# WTK 2.5.2 nur mit Java 1.5?



## hmmm (25. Okt 2007)

Mal eine Frage, 

braucht man für das WTK 2.5.2 eigentlich genau JDK 1.5.0 oder kann man auch 1.6.0_01 nehmen?

Die Frage zielt darauf ab, ob die erzeugten Klassen auf einem Handy lauffähig sind. Ich bekomme mein jar einfach nicht auf einem Sony Ericsson K610i installiert. Die Manifest-Datei sollte soweit in Ordnung sein, da habe ich schon alles ausprobiert.

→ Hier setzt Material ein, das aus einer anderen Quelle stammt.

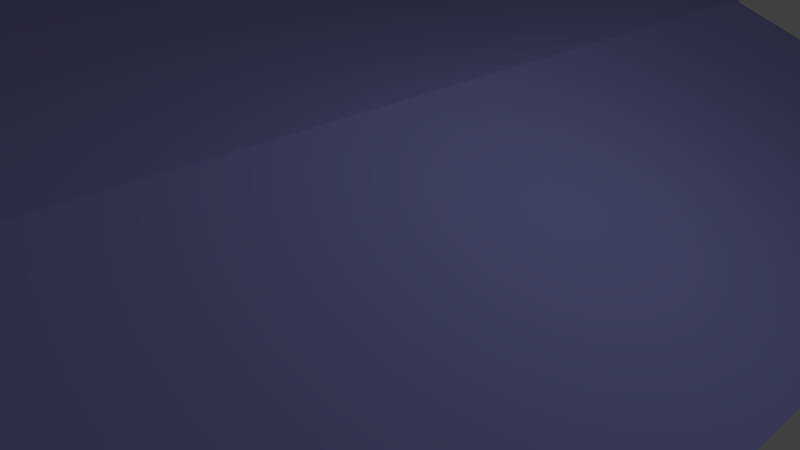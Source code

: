 # Source: Wooden_bridge.blend  (saved by Blender 2.78.0; exported with 4.5.12 LTS)
import bpy
from mathutils import Matrix  # noqa: F401  (used for matrix-valued properties, if any)

bpy.ops.wm.read_factory_settings(use_empty=True)
scene = bpy.context.scene
scene.name = 'Scene'

# ---- collections
col_collection_1 = bpy.data.collections.new('Collection 1'); scene.collection.children.link(col_collection_1)

# ---- materials (node trees are filled in below, after node groups)
mat_wood_floor = bpy.data.materials.new('Wood_floor')
mat_wood_floor.alpha_threshold = 0.0
mat_wood_floor.use_transparent_shadow = False
mat_wood_floor.diffuse_color = (0.336, 0.36, 0.8, 1.0)
mat_wood_floor.roughness = 0.5
mat_wood_floor.line_color = (0.0, 0.0, 0.0, 1.0)
mat_wood_side = bpy.data.materials.new('Wood_Side')
mat_wood_side.alpha_threshold = 0.0
mat_wood_side.use_transparent_shadow = False
mat_wood_side.diffuse_color = (0.8, 0.4369, 0.1804, 1.0)
mat_wood_side.roughness = 0.5
mat_material = bpy.data.materials.new('Material')
mat_material.alpha_threshold = 0.0
mat_material.use_transparent_shadow = False
mat_material.diffuse_color = (0.1468, 0.8, 0.196, 1.0)
mat_material.roughness = 0.5

# ---- material node trees

# ---- world
world_world = bpy.data.worlds.new('World'); scene.world = world_world
world_world.color = (0.05088, 0.05088, 0.05088)
world_world.use_sun_shadow = False
world_world.sun_shadow_jitter_overblur = 0.0
world_world.cycles.sampling_method = 'MANUAL'

# ---- cameras
cam_camera = bpy.data.cameras.new('Camera')
cam_camera.clip_end = 100.0
cam_camera.lens = 35.0
cam_camera.sensor_width = 32.0
cam_camera.sensor_height = 18.0
cam_camera.ortho_scale = 7.314
cam_camera.dof.focus_distance = 0.0
cam_camera.dof.aperture_fstop = 128.0

# ---- lights
light_lamp = bpy.data.lights.new('Lamp', 'POINT')
light_lamp.transmission_factor = 0.0
light_lamp.cutoff_distance = 30.0
light_lamp.energy = 100.0
light_lamp.shadow_buffer_clip_start = 1.001
light_lamp.shadow_soft_size = 0.1
light_lamp.shadow_maximum_resolution = 0.006
light_lamp.use_absolute_resolution = True

# ---- meshes
me_cube_003 = bpy.data.meshes.new('Cube.003')
me_cube_003.from_pydata([], [], [])
me_cube_003.use_remesh_preserve_volume = False
me_cube_003.use_remesh_preserve_attributes = False
me_cube_003.use_mirror_vertex_groups = False
me_cube_003.update()
me_cube_002 = bpy.data.meshes.new('Cube.002')
me_cube_002.from_pydata([(-1.089, -1.636, -1.649), (-0.943, -1.636, 0.2139), (-1.089, 0.9465, -1.649), (-0.943, 0.9465, 0.2139), (0.7737, -1.636, -5.293), (0.9194, -1.636, -3.431), (0.7737, 0.9465, -5.293), (0.9194, 0.9465, -3.431), (-1.089, -4.221, -1.649), (-0.943, -4.221, 0.2139), (-1.089, -1.691, -1.649), (-0.943, -1.691, 0.2139), (0.7737, -4.221, -5.293), (0.9194, -4.221, -3.431), (0.7737, -1.691, -5.293), (0.9194, -1.691, -3.431), (0.8399, -1.445, -5.455), (0.9857, -1.445, -3.593), (0.8399, 1.052, -5.455), (0.9857, 1.052, -3.593), (2.702, -1.445, -9.1), (2.848, -1.445, -7.237), (2.702, 1.052, -9.1), (2.848, 1.052, -7.237), (0.8399, -4.025, -5.455), (0.9857, -4.025, -3.593), (0.8399, -1.473, -5.455), (0.9857, -1.473, -3.593), (2.702, -4.025, -9.1), (2.848, -4.025, -7.237), (2.702, -1.473, -9.1), (2.848, -1.473, -7.237), (2.794, -1.546, -9.516), (2.94, -1.546, -7.653), (2.794, 0.9261, -9.516), (2.94, 0.9261, -7.653), (4.656, -1.546, -13.16), (4.802, -1.546, -11.3), (4.656, 0.9261, -13.16), (4.802, 0.9261, -11.3), (2.794, -4.178, -9.516), (2.94, -4.178, -7.653), (2.794, -1.594, -9.516), (2.94, -1.594, -7.653), (4.656, -4.178, -13.16), (4.802, -4.178, -11.3), (4.656, -1.594, -13.16), (4.802, -1.594, -11.3), (4.748, -1.38, -13.58), (4.894, -1.38, -11.71), (4.748, 1.042, -13.58), (4.894, 1.042, -11.71), (6.611, -1.38, -17.22), (6.756, -1.38, -15.36), (6.611, 1.042, -17.22), (6.756, 1.042, -15.36), (4.748, -4.054, -13.58), (4.894, -4.054, -11.71), (4.748, -1.428, -13.58), (4.894, -1.428, -11.71), (6.611, -4.054, -17.22), (6.756, -4.054, -15.36), (6.611, -1.428, -17.22), (6.756, -1.428, -15.36), (6.702, -1.471, -17.64), (6.848, -1.471, -15.77), (6.702, 0.939, -17.64), (6.848, 0.939, -15.77), (8.565, -1.471, -21.28), (8.71, -1.471, -19.42), (8.565, 0.939, -21.28), (8.71, 0.939, -19.42), (6.702, -4.126, -17.64), (6.848, -4.126, -15.77), (6.702, -1.52, -17.64), (6.848, -1.52, -15.77), (8.565, -4.126, -21.28), (8.71, -4.126, -19.42), (8.565, -1.52, -21.28), (8.71, -1.52, -19.42)], [], [(0, 1, 3, 2), (2, 3, 7, 6), (6, 7, 5, 4), (4, 5, 1, 0), (2, 6, 4, 0), (7, 3, 1, 5), (8, 9, 11, 10), (10, 11, 15, 14), (14, 15, 13, 12), (12, 13, 9, 8), (10, 14, 12, 8), (15, 11, 9, 13), (16, 17, 19, 18), (18, 19, 23, 22), (22, 23, 21, 20), (20, 21, 17, 16), (18, 22, 20, 16), (23, 19, 17, 21), (24, 25, 27, 26), (26, 27, 31, 30), (30, 31, 29, 28), (28, 29, 25, 24), (26, 30, 28, 24), (31, 27, 25, 29), (32, 33, 35, 34), (34, 35, 39, 38), (38, 39, 37, 36), (36, 37, 33, 32), (34, 38, 36, 32), (39, 35, 33, 37), (40, 41, 43, 42), (42, 43, 47, 46), (46, 47, 45, 44), (44, 45, 41, 40), (42, 46, 44, 40), (47, 43, 41, 45), (48, 49, 51, 50), (50, 51, 55, 54), (54, 55, 53, 52), (52, 53, 49, 48), (50, 54, 52, 48), (55, 51, 49, 53), (56, 57, 59, 58), (58, 59, 63, 62), (62, 63, 61, 60), (60, 61, 57, 56), (58, 62, 60, 56), (63, 59, 57, 61), (64, 65, 67, 66), (66, 67, 71, 70), (70, 71, 69, 68), (68, 69, 65, 64), (66, 70, 68, 64), (71, 67, 65, 69), (72, 73, 75, 74), (74, 75, 79, 78), (78, 79, 77, 76), (76, 77, 73, 72), (74, 78, 76, 72), (79, 75, 73, 77)])
_uv = me_cube_002.uv_layers.new(name='UVMap')
_uv.uv.foreach_set('vector', [0.3292, 0.4248, 0.329, 0.4586, 1.202, 0.4633, 1.202, 0.4295, 0.03241, 0.4396, 0.03232, 0.4734, 0.2014, 0.4739, 0.2015, 0.4401, 1.2, 0.4327, 1.2, 0.4665, 0.3268, 0.4618, 0.327, 0.428, 0.2015, 0.4401, 0.2014, 0.4739, 0.03232, 0.4734, 0.03241, 0.4396, 0.6162, 0.6156, 0.6162, 0.5566, 0.311, 0.5566, 0.311, 0.6156, 0.6162, 0.557, 0.6162, 0.616, 0.311, 0.616, 0.311, 0.557, -0.5448, 0.4201, -0.545, 0.4539, 0.3103, 0.4585, 0.3105, 0.4247, 0.03241, 0.4396, 0.03232, 0.4734, 0.2014, 0.4739, 0.2015, 0.4401, 0.3083, 0.4279, 0.3081, 0.4617, -0.5472, 0.4571, -0.547, 0.4233, 0.2015, 0.4401, 0.2014, 0.4739, 0.03232, 0.4734, 0.03241, 0.4396, 0.3044, 0.6156, 0.3044, 0.5566, 0.005414, 0.5566, 0.005414, 0.6156, 0.3044, 0.557, 0.3044, 0.616, 0.005414, 0.616, 0.005414, 0.557, 0.3915, 0.4279, 0.3913, 0.4617, 1.236, 0.4663, 1.236, 0.4324, 0.2077, 0.4396, 0.2076, 0.4734, 0.3767, 0.4738, 0.3768, 0.44, 1.233, 0.4356, 1.233, 0.4695, 0.3891, 0.4649, 0.3893, 0.4311, 0.3768, 0.44, 0.3767, 0.4738, 0.2076, 0.4734, 0.2077, 0.4396, 0.6286, 0.5544, 0.6286, 0.4953, 0.3335, 0.4953, 0.3335, 0.5544, 0.6286, 0.4957, 0.6286, 0.5548, 0.3335, 0.5548, 0.3335, 0.4957, -0.4809, 0.4233, -0.481, 0.4571, 0.3819, 0.4617, 0.382, 0.4279, 0.2077, 0.4396, 0.2076, 0.4734, 0.3767, 0.4738, 0.3768, 0.44, 0.3798, 0.4311, 0.3797, 0.4649, -0.4832, 0.4603, -0.4831, 0.4265, 0.3768, 0.44, 0.3767, 0.4738, 0.2076, 0.4734, 0.2077, 0.4396, 0.3302, 0.5544, 0.3302, 0.4953, 0.02857, 0.4953, 0.02857, 0.5544, 0.3302, 0.4957, 0.3302, 0.5548, 0.02857, 0.5548, 0.02857, 0.4957, 0.3552, 0.4274, 0.3551, 0.4612, 1.191, 0.4657, 1.191, 0.4319, 0.3866, 0.4363, 0.3865, 0.4701, 0.5555, 0.4706, 0.5556, 0.4368, 1.189, 0.4351, 1.189, 0.4689, 0.3528, 0.4644, 0.353, 0.4306, 0.5556, 0.4368, 0.5555, 0.4706, 0.3865, 0.4701, 0.3866, 0.4363, 0.6138, 0.4919, 0.6138, 0.4328, 0.3217, 0.4328, 0.3217, 0.4919, 0.6138, 0.4332, 0.6138, 0.4923, 0.3217, 0.4923, 0.3217, 0.4332, -0.5349, 0.4227, -0.5351, 0.4565, 0.3388, 0.4611, 0.3389, 0.4273, 0.3866, 0.4363, 0.3865, 0.4701, 0.5555, 0.4706, 0.5556, 0.4368, 0.3367, 0.4305, 0.3366, 0.4643, -0.5373, 0.4597, -0.5371, 0.4258, 0.5556, 0.4368, 0.5555, 0.4706, 0.3865, 0.4701, 0.3866, 0.4363, 0.316, 0.4919, 0.316, 0.4328, 0.01048, 0.4328, 0.01048, 0.4919, 0.316, 0.4332, 0.316, 0.4923, 0.01048, 0.4923, 0.01048, 0.4332, 0.409, 0.4274, 0.4088, 0.4612, 1.228, 0.4656, 1.228, 0.4318, 0.5654, 0.4331, 0.5653, 0.4669, 0.7344, 0.4673, 0.7345, 0.4335, 1.226, 0.4349, 1.226, 0.4688, 0.4066, 0.4644, 0.4068, 0.4306, 0.7345, 0.4335, 0.7344, 0.4673, 0.5653, 0.4669, 0.5654, 0.4331, 0.6275, 0.4294, 0.6275, 0.3703, 0.3412, 0.3703, 0.3412, 0.4294, 0.6275, 0.3707, 0.6275, 0.4297, 0.3412, 0.4297, 0.3412, 0.3707, -0.4954, 0.4225, -0.4955, 0.4563, 0.3926, 0.4611, 0.3928, 0.4273, 0.5654, 0.4331, 0.5653, 0.4669, 0.7344, 0.4673, 0.7345, 0.4335, 0.3905, 0.4305, 0.3904, 0.4643, -0.4977, 0.4595, -0.4976, 0.4257, 0.7345, 0.4335, 0.7344, 0.4673, 0.5653, 0.4669, 0.5654, 0.4331, 0.3356, 0.4294, 0.3356, 0.3703, 0.02512, 0.3703, 0.02512, 0.4294, 0.3356, 0.3707, 0.3356, 0.4297, 0.02512, 0.4297, 0.02512, 0.3707, 0.3759, 0.4269, 0.3757, 0.4607, 1.19, 0.465, 1.191, 0.4312, 0.7443, 0.4298, 0.7442, 0.4636, 0.9132, 0.4641, 0.9133, 0.4303, 1.188, 0.4344, 1.188, 0.4682, 0.3735, 0.4639, 0.3737, 0.4301, 0.9133, 0.4303, 0.9132, 0.4641, 0.7442, 0.4636, 0.7443, 0.4298, 0.6153, 0.3668, 0.6153, 0.3078, 0.3305, 0.3078, 0.3305, 0.3668, 0.6153, 0.3082, 0.6153, 0.3672, 0.3305, 0.3672, 0.3305, 0.3082, -0.522, 0.4221, -0.5222, 0.4559, 0.3592, 0.4606, 0.3594, 0.4268, 0.7443, 0.4298, 0.7442, 0.4636, 0.9132, 0.4641, 0.9133, 0.4303, 0.3571, 0.43, 0.357, 0.4638, -0.5244, 0.4591, -0.5242, 0.4253, 0.9133, 0.4303, 0.9132, 0.4641, 0.7442, 0.4636, 0.7443, 0.4298, 0.3247, 0.3668, 0.3247, 0.3078, 0.0166, 0.3078, 0.0166, 0.3668, 0.3247, 0.3082, 0.3247, 0.3672, 0.0166, 0.3672, 0.0166, 0.3082])
me_cube_002.use_remesh_preserve_volume = False
me_cube_002.use_remesh_preserve_attributes = False
me_cube_002.use_mirror_vertex_groups = False
me_cube_002.update()
me_cube_001 = bpy.data.meshes.new('Cube.001')
me_cube_001.from_pydata([(-1.0, 0.02126, 2.153), (-1.0, 0.02126, 4.153), (-1.0, 2.021, 2.153), (-1.0, 2.021, 4.153), (1.0, 0.02126, 2.153), (1.0, 0.02126, 4.153), (1.0, 2.021, 2.153), (1.0, 2.021, 4.153), (-0.999, -2.228, 2.153), (-0.999, -2.228, 4.153), (-1.001, -0.2284, 2.153), (-1.001, -0.2284, 4.153), (1.001, -2.034, 2.153), (1.001, -2.034, 4.153), (0.999, -0.03386, 2.153), (0.999, -0.03386, 4.153), (-1.0, -8.627, 2.153), (-1.0, -8.627, 4.153), (-1.0, -6.627, 2.153), (-1.0, -6.627, 4.153), (1.0, -8.627, 2.153), (1.0, -8.627, 4.153), (1.0, -6.627, 2.153), (1.0, -6.627, 4.153), (-0.9244, -8.789, 0.7185), (-0.9244, -8.789, 2.719), (-1.013, -6.996, 0.7185), (-1.013, -6.996, 2.719), (1.027, 0.8546, 0.7185), (1.027, 0.8546, 2.719), (0.9384, 2.648, 0.7185), (0.9384, 2.648, 2.719), (1.046, -6.451, 0.7185), (1.046, -6.451, 2.719), (0.9674, -8.288, 0.7185), (0.9674, -8.288, 2.719), (-0.9533, 2.146, 0.7185), (-0.9533, 2.146, 2.719), (-1.032, 0.3091, 0.7185), (-1.032, 0.3091, 2.719), (-1.0, -4.291, 2.153), (-1.0, -4.291, 4.153), (-1.0, -2.291, 2.153), (-1.0, -2.291, 4.153), (1.0, -4.291, 2.153), (1.0, -4.291, 4.153), (1.0, -2.291, 2.153), (1.0, -2.291, 4.153), (-0.9996, -6.481, 2.153), (-0.9996, -6.481, 4.153), (-1.0, -4.481, 2.153), (-1.0, -4.481, 4.153), (1.0, -6.406, 2.153), (1.0, -6.406, 4.153), (0.9996, -4.406, 2.153), (0.9996, -4.406, 4.153)], [], [(0, 1, 3, 2), (2, 3, 7, 6), (6, 7, 5, 4), (4, 5, 1, 0), (2, 6, 4, 0), (7, 3, 1, 5), (8, 9, 11, 10), (10, 11, 15, 14), (14, 15, 13, 12), (12, 13, 9, 8), (10, 14, 12, 8), (15, 11, 9, 13), (16, 17, 19, 18), (18, 19, 23, 22), (22, 23, 21, 20), (20, 21, 17, 16), (18, 22, 20, 16), (23, 19, 17, 21), (24, 25, 27, 26), (26, 27, 31, 30), (30, 31, 29, 28), (28, 29, 25, 24), (26, 30, 28, 24), (31, 27, 25, 29), (32, 33, 35, 34), (34, 35, 39, 38), (38, 39, 37, 36), (36, 37, 33, 32), (34, 38, 36, 32), (39, 35, 33, 37), (40, 41, 43, 42), (42, 43, 47, 46), (46, 47, 45, 44), (44, 45, 41, 40), (42, 46, 44, 40), (47, 43, 41, 45), (48, 49, 51, 50), (50, 51, 55, 54), (54, 55, 53, 52), (52, 53, 49, 48), (50, 54, 52, 48), (55, 51, 49, 53)])
_uv = me_cube_001.uv_layers.new(name='UVMap')
_uv.uv.foreach_set('vector', [0.3638, 0.4321, 0.3638, 0.4263, 0.3053, 0.4263, 0.3053, 0.4321, 0.2559, 0.3718, 0.2559, 0.3768, 0.7522, 0.3768, 0.7522, 0.3718, 0.3053, 0.4321, 0.3053, 0.4263, 0.3638, 0.4263, 0.3638, 0.4321, 0.7522, 0.3718, 0.7522, 0.3768, 0.2559, 0.3768, 0.2559, 0.3718, 0.257, 0.4574, 0.7485, 0.4574, 0.7485, 0.4082, 0.257, 0.4082, 0.7485, 0.4574, 0.257, 0.4574, 0.257, 0.4082, 0.7485, 0.4082, 0.4569, 0.4321, 0.4569, 0.4263, 0.3984, 0.4263, 0.3984, 0.4321, 0.2559, 0.3718, 0.2559, 0.3768, 0.7522, 0.3768, 0.7522, 0.3718, 0.3984, 0.4321, 0.3984, 0.4263, 0.4569, 0.4263, 0.4569, 0.4321, 0.7522, 0.3718, 0.7522, 0.3768, 0.2559, 0.3768, 0.2559, 0.3718, 0.257, 0.3791, 0.7485, 0.3791, 0.7485, 0.33, 0.257, 0.33, 0.7485, 0.3791, 0.257, 0.3791, 0.257, 0.33, 0.7485, 0.33, 0.5571, 0.4321, 0.5571, 0.4263, 0.4986, 0.4263, 0.4986, 0.4321, 0.2559, 0.3718, 0.2559, 0.3768, 0.7522, 0.3768, 0.7522, 0.3718, 0.4986, 0.4321, 0.4986, 0.4263, 0.5571, 0.4263, 0.5571, 0.4321, 0.7522, 0.3718, 0.7522, 0.3768, 0.2559, 0.3768, 0.2559, 0.3718, 0.257, 0.295, 0.7485, 0.295, 0.7485, 0.2458, 0.257, 0.2458, 0.7485, 0.295, 0.257, 0.295, 0.257, 0.2458, 0.7485, 0.2458, 0.3638, 0.4321, 0.3638, 0.4263, 0.3053, 0.4263, 0.3053, 0.4321, 0.2559, 0.3718, 0.2559, 0.3768, 0.7522, 0.3768, 0.7522, 0.3718, 0.3053, 0.4321, 0.3053, 0.4263, 0.3638, 0.4263, 0.3638, 0.4321, 0.7522, 0.3718, 0.7522, 0.3768, 0.2559, 0.3768, 0.2559, 0.3718, 0.257, 0.4574, 0.7485, 0.4574, 0.7485, 0.4082, 0.257, 0.4082, 0.7485, 0.4574, 0.257, 0.4574, 0.257, 0.4082, 0.7485, 0.4082, 0.3638, 0.4321, 0.3638, 0.4263, 0.3053, 0.4263, 0.3053, 0.4321, 0.2559, 0.3718, 0.2559, 0.3768, 0.7522, 0.3768, 0.7522, 0.3718, 0.3053, 0.4321, 0.3053, 0.4263, 0.3638, 0.4263, 0.3638, 0.4321, 0.7522, 0.3718, 0.7522, 0.3768, 0.2559, 0.3768, 0.2559, 0.3718, 0.257, 0.4574, 0.7485, 0.4574, 0.7485, 0.4082, 0.257, 0.4082, 0.7485, 0.4574, 0.257, 0.4574, 0.257, 0.4082, 0.7485, 0.4082, 0.5571, 0.4321, 0.5571, 0.4263, 0.4986, 0.4263, 0.4986, 0.4321, 0.2559, 0.3718, 0.2559, 0.3768, 0.7522, 0.3768, 0.7522, 0.3718, 0.4986, 0.4321, 0.4986, 0.4263, 0.5571, 0.4263, 0.5571, 0.4321, 0.7522, 0.3718, 0.7522, 0.3768, 0.2559, 0.3768, 0.2559, 0.3718, 0.257, 0.295, 0.7485, 0.295, 0.7485, 0.2458, 0.257, 0.2458, 0.7485, 0.295, 0.257, 0.295, 0.257, 0.2458, 0.7485, 0.2458, 0.5571, 0.4321, 0.5571, 0.4263, 0.4986, 0.4263, 0.4986, 0.4321, 0.2559, 0.3718, 0.2559, 0.3768, 0.7522, 0.3768, 0.7522, 0.3718, 0.4986, 0.4321, 0.4986, 0.4263, 0.5571, 0.4263, 0.5571, 0.4321, 0.7522, 0.3718, 0.7522, 0.3768, 0.2559, 0.3768, 0.2559, 0.3718, 0.257, 0.295, 0.7485, 0.295, 0.7485, 0.2458, 0.257, 0.2458, 0.7485, 0.295, 0.257, 0.295, 0.257, 0.2458, 0.7485, 0.2458])
me_cube_001.use_remesh_preserve_volume = False
me_cube_001.use_remesh_preserve_attributes = False
me_cube_001.use_mirror_vertex_groups = False
me_cube_001.update()
me_cube = bpy.data.meshes.new('Cube')
me_cube.from_pydata([(3.001, -4.514, -1.0), (-4.173, -4.514, -1.0), (3.001, -4.514, 1.0), (-4.173, -4.514, 1.0), (3.001, -5.96e-08, -1.0), (-4.173, 2.98e-07, -1.0), (3.001, -5.364e-07, 1.0), (-4.173, 1.788e-07, 1.0), (3.001, -4.458, -1.0), (3.001, -4.458, 1.0), (-4.173, -4.458, -1.0), (-4.173, -4.458, 1.0), (3.001, -4.458, 4.523), (3.001, -4.514, 4.523), (-4.173, -4.514, 4.523), (-4.173, -4.458, 4.523), (4.037, -1.073e-06, -38.27), (3.969, -5.96e-07, -38.27), (3.969, -4.458, -38.27), (4.037, -4.458, -38.27), (-4.171, -4.485, -13.44), (2.856, -4.485, -13.44), (-4.171, -4.485, 0.02512), (2.856, -4.485, 0.02512), (2.847, -4.487, -155.5), (-2.327, -4.487, -2.109), (2.786, -4.487, -165.5), (-2.389, -4.487, -12.1), (0.8577, -4.558, -106.0), (2.749, -4.558, -10.55), (0.8142, -4.558, -98.58), (2.706, -4.558, -3.101), (1.275, -4.548, -76.36), (-0.04703, -4.548, -7.399), (1.206, -4.548, -78.64), (-0.1154, -4.548, -9.672)], [], [(8, 0, 1, 10), (11, 3, 14, 15), (8, 9, 2, 0), (0, 2, 3, 1), (10, 11, 7, 5), (1, 3, 11, 10), (8, 4, 17, 18), (6, 7, 11, 9), (4, 8, 10, 5), (3, 2, 13, 14), (2, 9, 12, 13), (9, 11, 15, 12), (17, 16, 19, 18), (9, 8, 18, 19), (6, 9, 19, 16), (4, 6, 16, 17), (12, 15, 14, 13), (20, 21, 23, 22), (24, 25, 27, 26), (28, 29, 31, 30), (32, 33, 35, 34)])
me_cube.polygons.foreach_set('material_index', [0, 0, 0, 1, 0, 0, 0, 0, 0, 1, 0, 1, 0, 0, 0, 0, 1, 1, 2, 2, 2])
_uv = me_cube.uv_layers.new(name='UVMap')
_uv.uv.foreach_set('vector', [0.5005, 0.2711, 0.5005, 0.2431, -3.086, 0.2431, -3.086, 0.2711, 0.0, 0.0, 0.0, 0.0, 0.0, 0.0, 0.0, 0.0, 0.0, 0.0, 0.0, 0.0, 0.0, 0.0, 0.0, 0.0, 2.266, 0.4737, 2.266, 0.4852, -1.839, 0.4852, -1.839, 0.4737, 0.0, 0.0, 0.0, 0.0, 0.0, 0.0, 0.0, 0.0, 0.0, 0.0, 0.0, 0.0, 0.0, 0.0, 0.0, 0.0, -0.7578, -0.3903, -0.7578, -0.3903, -0.7578, -0.3903, -0.7578, -0.3903, 1.315, 0.8045, -0.3924, 0.8045, -0.3924, 0.38, 1.315, 0.38, -0.7578, -0.3903, -0.7578, -0.3903, -0.7578, -0.3903, -0.7578, -0.3903, -1.519, 0.4587, 2.37, 0.4587, 2.37, 0.4778, -1.519, 0.4778, 0.0, 0.0, 0.0, 0.0, 0.0, 0.0, 0.0, 0.0, 2.37, 0.4587, -1.519, 0.4587, -1.519, 0.4778, 2.37, 0.4778, -0.1368, -0.07048, -0.1368, -0.07048, -0.1368, -0.07048, -0.1368, -0.07048, 0.3198, 0.2602, 0.3235, 0.2498, 0.899, 0.2351, 0.9348, 0.2478, 1.315, 0.8045, 1.315, 0.38, 1.562, 0.38, 1.562, 0.8045, 0.0, 0.0, 0.0, 0.0, 0.0, 0.0, 0.0, 0.0, 0.5005, 0.2711, -3.086, 0.2711, -3.086, 0.2431, 0.5005, 0.2431, -1.518, 0.3804, 2.291, 0.3804, 2.291, 0.4534, -1.518, 0.4534, 1.756, 0.181, -0.2429, 0.1763, -0.2541, 0.1343, 1.745, 0.139, 0.3941, 0.4825, 1.055, 0.481, 1.054, 0.5079, 0.3925, 0.5094, 1.166, 0.319, 0.614, 0.3177, 0.5954, 0.2984, 1.148, 0.2998])
me_cube.materials.append(mat_wood_floor)
me_cube.materials.append(mat_wood_side)
me_cube.materials.append(mat_material)
me_cube.use_remesh_preserve_volume = False
me_cube.use_remesh_preserve_attributes = False
me_cube.use_mirror_vertex_groups = False
me_cube.update()

# ---- objects
ob_cube_003 = bpy.data.objects.new('Cube.003', me_cube_003)
ob_cube_002 = bpy.data.objects.new('Cube.002', me_cube_002)
ob_cube_001 = bpy.data.objects.new('Cube.001', me_cube_001)
ob_cube = bpy.data.objects.new('Cube', me_cube)
ob_lamp = bpy.data.objects.new('Lamp', light_lamp)
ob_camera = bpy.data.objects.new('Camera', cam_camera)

Könnte es wirklich an der Version liegen? Wurde da von 1.5 zu 1.6 irgendwas an der Erzeugung vom Bytecode geändert?


----------



## Wildcard (25. Okt 2007)

hmmm hat gesagt.:
			
		

> Wurde da von 1.5 zu 1.6 irgendwas an der Erzeugung vom Bytecode geändert?


Ja. Java ist abwärtskompatibel. Niemals aufwärtskompatibel. Selbst wenn sich von 1.5 zu 1.6 der Bytcode nicht verändert hätte (was er getan hat), so könnte eine 1.5er dennoch keinen 1.6er Code ausführen weil die Version Number in der .class nicht passt.
Um auch mit 1.6 noch für ältere VMs kompilieren zu können gibt es so lustige Parameter wie source und target  :wink:


----------



## quippy (16. Mrz 2008)

Moin, ich hänge mich mal hier mit rein, da die Frage in meine Richtung zielt.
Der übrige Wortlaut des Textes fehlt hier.